A plain reading of K.S.A. 2020 Supp. 21-6627(d) confirms that a district court is not required to articulate reasons for rejecting mitigating factors. Should there be any doubt, our Supreme Court has clarified that "[t]he statute does not require the sentencing judge to explain a decision denying departure." Powell, 308 Kan. 895, Syl. ¶ 6. K.S.A. 2020 Supp. 21-6627(d) requires the district court to make findings on the record only if it departs from the presumptive life sentence. 308 Kan. at 909 ("And while it is laudable for district courts to explain the reasons for their rulings, those explanations are voluntary.").

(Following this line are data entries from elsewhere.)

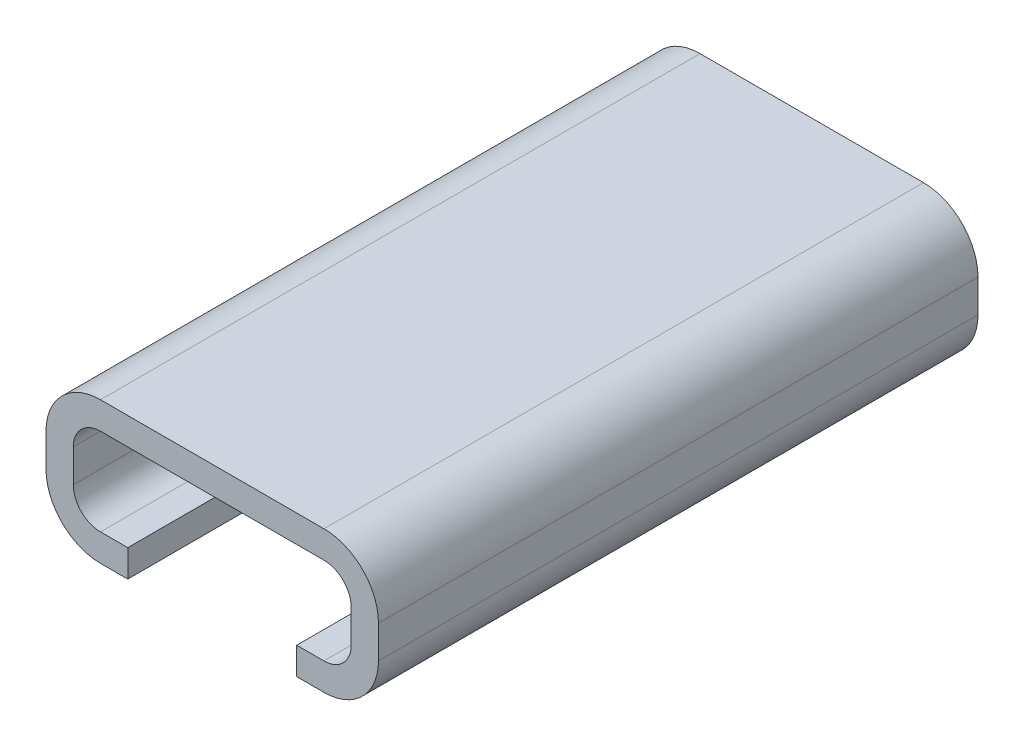
ISO-10303-21;
HEADER;
FILE_DESCRIPTION(('STEP AP214'),'2;1');
FILE_NAME('part.step','',(''),(''),'','','');
FILE_SCHEMA(('AUTOMOTIVE_DESIGN { 1 0 10303 214 1 1 1 1 }'));
ENDSEC;
DATA;
#1=APPLICATION_CONTEXT('core data for automotive mechanical design processes');
#2=APPLICATION_PROTOCOL_DEFINITION('international standard','automotive_design',2000,#1);
#3=PRODUCT_CONTEXT('',#1,'mechanical');
#4=PRODUCT('Part','Part','',(#3));
#5=PRODUCT_RELATED_PRODUCT_CATEGORY('part','',(#4));
#6=PRODUCT_DEFINITION_FORMATION('','',#4);
#7=PRODUCT_DEFINITION_CONTEXT('part definition',#1,'design');
#8=PRODUCT_DEFINITION('design','',#6,#7);
#9=PRODUCT_DEFINITION_SHAPE('','',#8);
#10=(LENGTH_UNIT() NAMED_UNIT(*) SI_UNIT(.MILLI.,.METRE.));
#11=(NAMED_UNIT(*) PLANE_ANGLE_UNIT() SI_UNIT($,.RADIAN.));
#12=(NAMED_UNIT(*) SI_UNIT($,.STERADIAN.) SOLID_ANGLE_UNIT());
#13=UNCERTAINTY_MEASURE_WITH_UNIT(LENGTH_MEASURE(1.E-05),#10,'distance_accuracy_value','');
#14=(GEOMETRIC_REPRESENTATION_CONTEXT(3) GLOBAL_UNCERTAINTY_ASSIGNED_CONTEXT((#13)) GLOBAL_UNIT_ASSIGNED_CONTEXT((#10,
#11,#12)) REPRESENTATION_CONTEXT('',''));
#15=CARTESIAN_POINT('',(0.,0.,0.));
#16=DIRECTION('',(0.,0.,1.));
#17=DIRECTION('',(1.,0.,0.));
#18=AXIS2_PLACEMENT_3D('',#15,#16,#17);
#19=CARTESIAN_POINT('',(4.1,-1.6,10.));
#20=DIRECTION('',(0.,-1.,0.));
#21=DIRECTION('',(0.,0.,-1.));
#22=AXIS2_PLACEMENT_3D('',#19,#20,#21);
#23=PLANE('',#22);
#24=DIRECTION('',(-1.,0.,0.));
#25=VECTOR('',#24,1.);
#26=CARTESIAN_POINT('',(4.1,-1.6,10.));
#27=LINE('',#26,#25);
#28=CARTESIAN_POINT('',(-3.1,-1.6,10.));
#29=VERTEX_POINT('',#28);
#30=CARTESIAN_POINT('',(-4.1,-1.6,10.));
#31=VERTEX_POINT('',#30);
#32=EDGE_CURVE('E444',#29,#31,#27,.T.);
#33=ORIENTED_EDGE('',*,*,#32,.F.);
#34=DIRECTION('',(0.,0.,1.));
#35=VECTOR('',#34,1.);
#36=CARTESIAN_POINT('',(-3.1,-1.6,10.));
#37=LINE('',#36,#35);
#38=CARTESIAN_POINT('',(-3.1,-1.6,0.));
#39=VERTEX_POINT('',#38);
#40=EDGE_CURVE('E311',#39,#29,#37,.T.);
#41=ORIENTED_EDGE('',*,*,#40,.F.);
#42=DIRECTION('',(-1.,0.,0.));
#43=VECTOR('',#42,1.);
#44=CARTESIAN_POINT('',(4.1,-1.6,0.));
#45=LINE('',#44,#43);
#46=CARTESIAN_POINT('',(-4.1,-1.6,0.));
#47=VERTEX_POINT('',#46);
#48=EDGE_CURVE('E468',#39,#47,#45,.T.);
#49=ORIENTED_EDGE('',*,*,#48,.T.);
#50=DIRECTION('',(0.,0.,-1.));
#51=VECTOR('',#50,1.);
#52=CARTESIAN_POINT('',(-4.1,-1.6,10.));
#53=LINE('',#52,#51);
#54=EDGE_CURVE('E497',#31,#47,#53,.T.);
#55=ORIENTED_EDGE('',*,*,#54,.F.);
#56=EDGE_LOOP('',(#33,#41,#49,#55));
#57=FACE_BOUND('',#56,.T.);
#58=ADVANCED_FACE('F83',(#57),#23,.F.);
#59=CARTESIAN_POINT('',(4.1,-1.6,-12.));
#60=DIRECTION('',(0.,-1.,0.));
#61=DIRECTION('',(0.,0.,1.));
#62=AXIS2_PLACEMENT_3D('',#59,#60,#61);
#63=PLANE('',#62);
#64=DIRECTION('',(-1.,0.,0.));
#65=VECTOR('',#64,1.);
#66=CARTESIAN_POINT('',(4.1,-1.6,-12.));
#67=LINE('',#66,#65);
#68=CARTESIAN_POINT('',(4.1,-1.6,-12.));
#69=VERTEX_POINT('',#68);
#70=CARTESIAN_POINT('',(3.1,-1.6,-12.));
#71=VERTEX_POINT('',#70);
#72=EDGE_CURVE('E354',#69,#71,#67,.T.);
#73=ORIENTED_EDGE('',*,*,#72,.T.);
#74=DIRECTION('',(0.,0.,-1.));
#75=VECTOR('',#74,1.);
#76=CARTESIAN_POINT('',(3.1,-1.6,-12.));
#77=LINE('',#76,#75);
#78=CARTESIAN_POINT('',(3.1,-1.6,-1.99999999999999));
#79=VERTEX_POINT('',#78);
#80=EDGE_CURVE('E374',#79,#71,#77,.T.);
#81=ORIENTED_EDGE('',*,*,#80,.F.);
#82=DIRECTION('',(-1.,0.,0.));
#83=VECTOR('',#82,1.);
#84=CARTESIAN_POINT('',(4.1,-1.6,-2.));
#85=LINE('',#84,#83);
#86=CARTESIAN_POINT('',(4.1,-1.6,-2.));
#87=VERTEX_POINT('',#86);
#88=EDGE_CURVE('E298',#87,#79,#85,.T.);
#89=ORIENTED_EDGE('',*,*,#88,.F.);
#90=DIRECTION('',(0.,0.,1.));
#91=VECTOR('',#90,1.);
#92=CARTESIAN_POINT('',(4.1,-1.6,-12.));
#93=LINE('',#92,#91);
#94=EDGE_CURVE('E398',#69,#87,#93,.T.);
#95=ORIENTED_EDGE('',*,*,#94,.F.);
#96=EDGE_LOOP('',(#73,#81,#89,#95));
#97=FACE_BOUND('',#96,.T.);
#98=ADVANCED_FACE('F624',(#97),#63,.F.);
#99=CARTESIAN_POINT('',(4.1,0.600000000000001,10.));
#100=DIRECTION('',(0.,0.,-1.));
#101=DIRECTION('',(-1.,0.,0.));
#102=AXIS2_PLACEMENT_3D('',#99,#100,#101);
#103=PLANE('',#102);
#104=DIRECTION('',(-1.,0.,0.));
#105=VECTOR('',#104,1.);
#106=CARTESIAN_POINT('',(4.1,-2.6,10.));
#107=LINE('',#106,#105);
#108=CARTESIAN_POINT('',(-3.1,-2.6,10.));
#109=VERTEX_POINT('',#108);
#110=CARTESIAN_POINT('',(-4.1,-2.6,10.));
#111=VERTEX_POINT('',#110);
#112=EDGE_CURVE('E515',#109,#111,#107,.T.);
#113=ORIENTED_EDGE('',*,*,#112,.F.);
#114=DIRECTION('',(0.,-1.,0.));
#115=VECTOR('',#114,1.);
#116=CARTESIAN_POINT('',(-3.1,10.1660528640662,10.));
#117=LINE('',#116,#115);
#118=EDGE_CURVE('E327',#29,#109,#117,.T.);
#119=ORIENTED_EDGE('',*,*,#118,.F.);
#120=ORIENTED_EDGE('',*,*,#32,.T.);
#121=CARTESIAN_POINT('',(-4.1,-0.600000000000001,10.));
#122=DIRECTION('',(0.,0.,-1.));
#123=DIRECTION('',(-1.,0.,0.));
#124=AXIS2_PLACEMENT_3D('',#121,#122,#123);
#125=CIRCLE('',#124,0.999999999999999);
#126=CARTESIAN_POINT('',(-5.1,-0.600000000000001,10.));
#127=VERTEX_POINT('',#126);
#128=EDGE_CURVE('E441',#31,#127,#125,.T.);
#129=ORIENTED_EDGE('',*,*,#128,.T.);
#130=DIRECTION('',(0.,1.,0.));
#131=VECTOR('',#130,1.);
#132=CARTESIAN_POINT('',(-5.1,-0.600000000000001,10.));
#133=LINE('',#132,#131);
#134=CARTESIAN_POINT('',(-5.1,0.600000000000001,10.));
#135=VERTEX_POINT('',#134);
#136=EDGE_CURVE('E437',#127,#135,#133,.T.);
#137=ORIENTED_EDGE('',*,*,#136,.T.);
#138=CARTESIAN_POINT('',(-4.1,0.600000000000001,10.));
#139=DIRECTION('',(0.,0.,1.));
#140=DIRECTION('',(1.,0.,0.));
#141=AXIS2_PLACEMENT_3D('',#138,#139,#140);
#142=CIRCLE('',#141,0.999999999999999);
#143=CARTESIAN_POINT('',(-4.1,1.6,10.));
#144=VERTEX_POINT('',#143);
#145=EDGE_CURVE('E435',#144,#135,#142,.T.);
#146=ORIENTED_EDGE('',*,*,#145,.F.);
#147=DIRECTION('',(1.,0.,0.));
#148=VECTOR('',#147,1.);
#149=CARTESIAN_POINT('',(-4.1,1.6,10.));
#150=LINE('',#149,#148);
#151=CARTESIAN_POINT('',(4.1,1.6,10.));
#152=VERTEX_POINT('',#151);
#153=EDGE_CURVE('E457',#144,#152,#150,.T.);
#154=ORIENTED_EDGE('',*,*,#153,.T.);
#155=CARTESIAN_POINT('',(4.1,0.600000000000001,10.));
#156=DIRECTION('',(0.,0.,-1.));
#157=DIRECTION('',(-1.,0.,0.));
#158=AXIS2_PLACEMENT_3D('',#155,#156,#157);
#159=CIRCLE('',#158,0.999999999999999);
#160=CARTESIAN_POINT('',(5.1,0.600000000000001,10.));
#161=VERTEX_POINT('',#160);
#162=EDGE_CURVE('E454',#152,#161,#159,.T.);
#163=ORIENTED_EDGE('',*,*,#162,.T.);
#164=DIRECTION('',(0.,-1.,0.));
#165=VECTOR('',#164,1.);
#166=CARTESIAN_POINT('',(5.1,0.600000000000001,10.));
#167=LINE('',#166,#165);
#168=CARTESIAN_POINT('',(5.1,-0.600000000000001,10.));
#169=VERTEX_POINT('',#168);
#170=EDGE_CURVE('E451',#161,#169,#167,.T.);
#171=ORIENTED_EDGE('',*,*,#170,.T.);
#172=CARTESIAN_POINT('',(4.1,-0.600000000000001,10.));
#173=DIRECTION('',(0.,0.,-1.));
#174=DIRECTION('',(-1.,0.,0.));
#175=AXIS2_PLACEMENT_3D('',#172,#173,#174);
#176=CIRCLE('',#175,0.999999999999999);
#177=CARTESIAN_POINT('',(4.1,-1.6,10.));
#178=VERTEX_POINT('',#177);
#179=EDGE_CURVE('E448',#169,#178,#176,.T.);
#180=ORIENTED_EDGE('',*,*,#179,.T.);
#181=CARTESIAN_POINT('',(3.1,-1.6,10.));
#182=VERTEX_POINT('',#181);
#183=EDGE_CURVE('E445',#178,#182,#27,.T.);
#184=ORIENTED_EDGE('',*,*,#183,.T.);
#185=DIRECTION('',(0.,-1.,0.));
#186=VECTOR('',#185,1.);
#187=CARTESIAN_POINT('',(3.1,10.1660528640662,10.));
#188=LINE('',#187,#186);
#189=CARTESIAN_POINT('',(3.1,-2.6,10.));
#190=VERTEX_POINT('',#189);
#191=EDGE_CURVE('E338',#182,#190,#188,.T.);
#192=ORIENTED_EDGE('',*,*,#191,.T.);
#193=CARTESIAN_POINT('',(4.1,-2.6,10.));
#194=VERTEX_POINT('',#193);
#195=EDGE_CURVE('E516',#194,#190,#107,.T.);
#196=ORIENTED_EDGE('',*,*,#195,.F.);
#197=CARTESIAN_POINT('',(4.1,-0.600000000000001,10.));
#198=DIRECTION('',(0.,0.,-1.));
#199=DIRECTION('',(-1.,0.,0.));
#200=AXIS2_PLACEMENT_3D('',#197,#198,#199);
#201=CIRCLE('',#200,2.);
#202=CARTESIAN_POINT('',(6.1,-0.600000000000001,10.));
#203=VERTEX_POINT('',#202);
#204=EDGE_CURVE('E512',#203,#194,#201,.T.);
#205=ORIENTED_EDGE('',*,*,#204,.F.);
#206=DIRECTION('',(0.,-1.,0.));
#207=VECTOR('',#206,1.);
#208=CARTESIAN_POINT('',(6.1,0.600000000000001,10.));
#209=LINE('',#208,#207);
#210=CARTESIAN_POINT('',(6.1,0.600000000000001,10.));
#211=VERTEX_POINT('',#210);
#212=EDGE_CURVE('E509',#211,#203,#209,.T.);
#213=ORIENTED_EDGE('',*,*,#212,.F.);
#214=CARTESIAN_POINT('',(4.1,0.600000000000001,10.));
#215=DIRECTION('',(0.,0.,-1.));
#216=DIRECTION('',(-1.,0.,0.));
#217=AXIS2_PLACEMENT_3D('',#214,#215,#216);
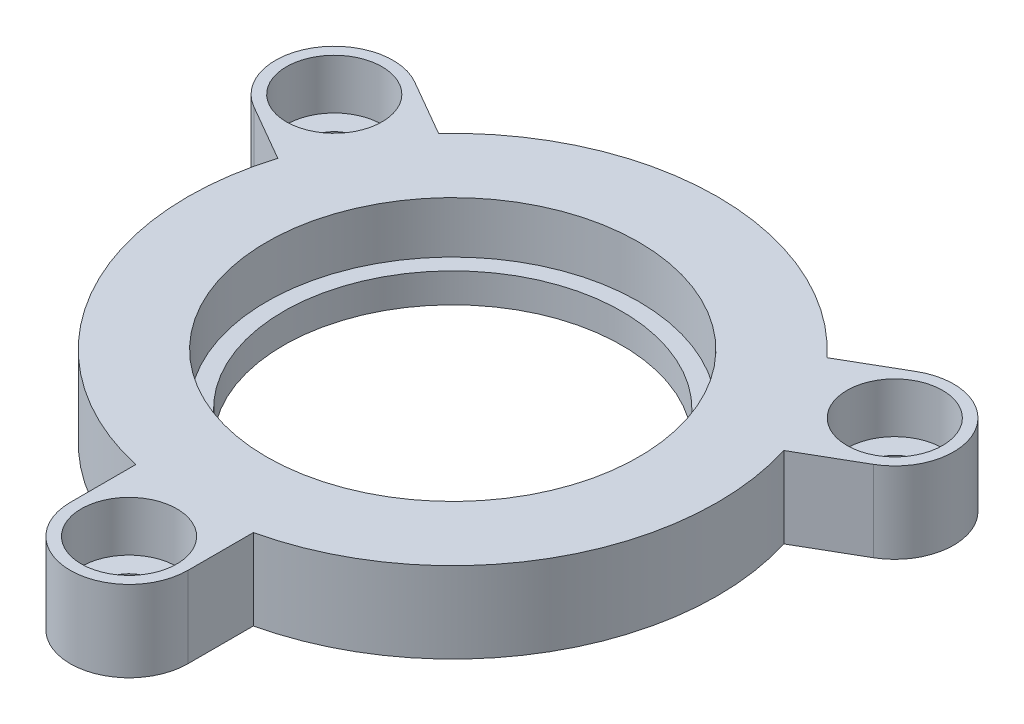
ISO-10303-21;
HEADER;
FILE_DESCRIPTION(('STEP AP214'),'2;1');
FILE_NAME('part.step','',(''),(''),'','','');
FILE_SCHEMA(('AUTOMOTIVE_DESIGN { 1 0 10303 214 1 1 1 1 }'));
ENDSEC;
DATA;
#1=APPLICATION_CONTEXT('core data for automotive mechanical design processes');
#2=APPLICATION_PROTOCOL_DEFINITION('international standard','automotive_design',2000,#1);
#3=PRODUCT_CONTEXT('',#1,'mechanical');
#4=PRODUCT('Part','Part','',(#3));
#5=PRODUCT_RELATED_PRODUCT_CATEGORY('part','',(#4));
#6=PRODUCT_DEFINITION_FORMATION('','',#4);
#7=PRODUCT_DEFINITION_CONTEXT('part definition',#1,'design');
#8=PRODUCT_DEFINITION('design','',#6,#7);
#9=PRODUCT_DEFINITION_SHAPE('','',#8);
#10=(LENGTH_UNIT() NAMED_UNIT(*) SI_UNIT(.MILLI.,.METRE.));
#11=(NAMED_UNIT(*) PLANE_ANGLE_UNIT() SI_UNIT($,.RADIAN.));
#12=(NAMED_UNIT(*) SI_UNIT($,.STERADIAN.) SOLID_ANGLE_UNIT());
#13=UNCERTAINTY_MEASURE_WITH_UNIT(LENGTH_MEASURE(1.E-05),#10,'distance_accuracy_value','');
#14=(GEOMETRIC_REPRESENTATION_CONTEXT(3) GLOBAL_UNCERTAINTY_ASSIGNED_CONTEXT((#13)) GLOBAL_UNIT_ASSIGNED_CONTEXT((#10,
#11,#12)) REPRESENTATION_CONTEXT('',''));
#15=CARTESIAN_POINT('',(0.,0.,0.));
#16=DIRECTION('',(0.,0.,1.));
#17=DIRECTION('',(1.,0.,0.));
#18=AXIS2_PLACEMENT_3D('',#15,#16,#17);
#19=CARTESIAN_POINT('',(0.,5.5,0.));
#20=DIRECTION('',(0.,-1.,0.));
#21=DIRECTION('',(0.,0.,-1.));
#22=AXIS2_PLACEMENT_3D('',#19,#20,#21);
#23=CYLINDRICAL_SURFACE('',#22,11.5);
#24=CARTESIAN_POINT('',(0.,0.,0.));
#25=DIRECTION('',(0.,1.,0.));
#26=DIRECTION('',(0.,0.,1.));
#27=AXIS2_PLACEMENT_3D('',#24,#25,#26);
#28=CIRCLE('',#27,11.5);
#29=CARTESIAN_POINT('',(0.,0.,11.5));
#30=VERTEX_POINT('',#29);
#31=EDGE_CURVE('E214',#30,#30,#28,.T.);
#32=ORIENTED_EDGE('',*,*,#31,.F.);
#33=EDGE_LOOP('',(#32));
#34=FACE_BOUND('',#33,.T.);
#35=CARTESIAN_POINT('',(0.,2.,0.));
#36=DIRECTION('',(0.,1.,0.));
#37=DIRECTION('',(0.,0.,1.));
#38=AXIS2_PLACEMENT_3D('',#35,#36,#37);
#39=CIRCLE('',#38,11.5);
#40=CARTESIAN_POINT('',(0.,2.,11.5));
#41=VERTEX_POINT('',#40);
#42=EDGE_CURVE('E217',#41,#41,#39,.T.);
#43=ORIENTED_EDGE('',*,*,#42,.T.);
#44=EDGE_LOOP('',(#43));
#45=FACE_BOUND('',#44,.T.);
#46=ADVANCED_FACE('F87',(#34,#45),#23,.F.);
#47=CARTESIAN_POINT('',(-4.,5.5,0.));
#48=DIRECTION('',(-1.,0.,0.));
#49=DIRECTION('',(0.,0.,1.));
#50=AXIS2_PLACEMENT_3D('',#47,#48,#49);
#51=PLANE('',#50);
#52=DIRECTION('',(0.,0.,-1.));
#53=VECTOR('',#52,1.);
#54=CARTESIAN_POINT('',(-4.,0.,0.));
#55=LINE('',#54,#53);
#56=CARTESIAN_POINT('',(-4.,0.,22.));
#57=VERTEX_POINT('',#56);
#58=CARTESIAN_POINT('',(-4.,0.,17.5499287747842));
#59=VERTEX_POINT('',#58);
#60=EDGE_CURVE('E269',#57,#59,#55,.T.);
#61=ORIENTED_EDGE('',*,*,#60,.F.);
#62=DIRECTION('',(0.,-1.,0.));
#63=VECTOR('',#62,1.);
#64=CARTESIAN_POINT('',(-4.,5.5,22.));
#65=LINE('',#64,#63);
#66=CARTESIAN_POINT('',(-4.,5.5,22.));
#67=VERTEX_POINT('',#66);
#68=EDGE_CURVE('E97',#67,#57,#65,.T.);
#69=ORIENTED_EDGE('',*,*,#68,.F.);
#70=DIRECTION('',(0.,0.,-1.));
#71=VECTOR('',#70,1.);
#72=CARTESIAN_POINT('',(-4.,5.5,0.));
#73=LINE('',#72,#71);
#74=CARTESIAN_POINT('',(-4.,5.5,17.5499287747842));
#75=VERTEX_POINT('',#74);
#76=EDGE_CURVE('E260',#67,#75,#73,.T.);
#77=ORIENTED_EDGE('',*,*,#76,.T.);
#78=DIRECTION('',(0.,-1.,0.));
#79=VECTOR('',#78,1.);
#80=CARTESIAN_POINT('',(-4.,5.5,17.5499287747842));
#81=LINE('',#80,#79);
#82=EDGE_CURVE('E12',#75,#59,#81,.T.);
#83=ORIENTED_EDGE('',*,*,#82,.T.);
#84=EDGE_LOOP('',(#61,#69,#77,#83));
#85=FACE_BOUND('',#84,.T.);
#86=ADVANCED_FACE('F334',(#85),#51,.T.);
#87=CARTESIAN_POINT('',(0.,5.5,22.));
#88=DIRECTION('',(0.,-1.,0.));
#89=DIRECTION('',(0.,0.,-1.));
#90=AXIS2_PLACEMENT_3D('',#87,#88,#89);
#91=CYLINDRICAL_SURFACE('',#90,4.);
#92=CARTESIAN_POINT('',(0.,0.,22.));
#93=DIRECTION('',(0.,1.,0.));
#94=DIRECTION('',(0.,0.,1.));
#95=AXIS2_PLACEMENT_3D('',#92,#93,#94);
#96=CIRCLE('',#95,4.);
#97=CARTESIAN_POINT('',(4.,0.,22.));
#98=VERTEX_POINT('',#97);
#99=EDGE_CURVE('E271',#57,#98,#96,.T.);
#100=ORIENTED_EDGE('',*,*,#99,.T.);
#101=DIRECTION('',(0.,-1.,0.));
#102=VECTOR('',#101,1.);
#103=CARTESIAN_POINT('',(4.,5.5,22.));
#104=LINE('',#103,#102);
#105=CARTESIAN_POINT('',(4.,5.5,22.));
#106=VERTEX_POINT('',#105);
#107=EDGE_CURVE('E276',#106,#98,#104,.T.);
#108=ORIENTED_EDGE('',*,*,#107,.F.);
#109=CARTESIAN_POINT('',(0.,5.5,22.));
#110=DIRECTION('',(0.,1.,0.));
#111=DIRECTION('',(0.,0.,1.));
#112=AXIS2_PLACEMENT_3D('',#109,#110,#111);
#113=CIRCLE('',#112,4.);
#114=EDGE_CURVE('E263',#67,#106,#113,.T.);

Heit argues that the district court's ruling constituted legal error because it failed to state that the district court considered his mitigating factors in denying the departure motions. But Powell imposes no such requirement on the district court. Because the district court is not obliged to articulate reasons for denying a departure silence in the record regarding the district court's reasoning does not establish that the district court failed to consider Heit's mitigating factors. Moreover, as the party objecting to the district court's exercise of discretion, Heit bears the burden of affirmatively proving an abuse of that discretion. Powell, 308 Kan. at 911 ("Put simply, since reversal of a denial of a departure motion requires an abuse of discretion, and because the party alleging...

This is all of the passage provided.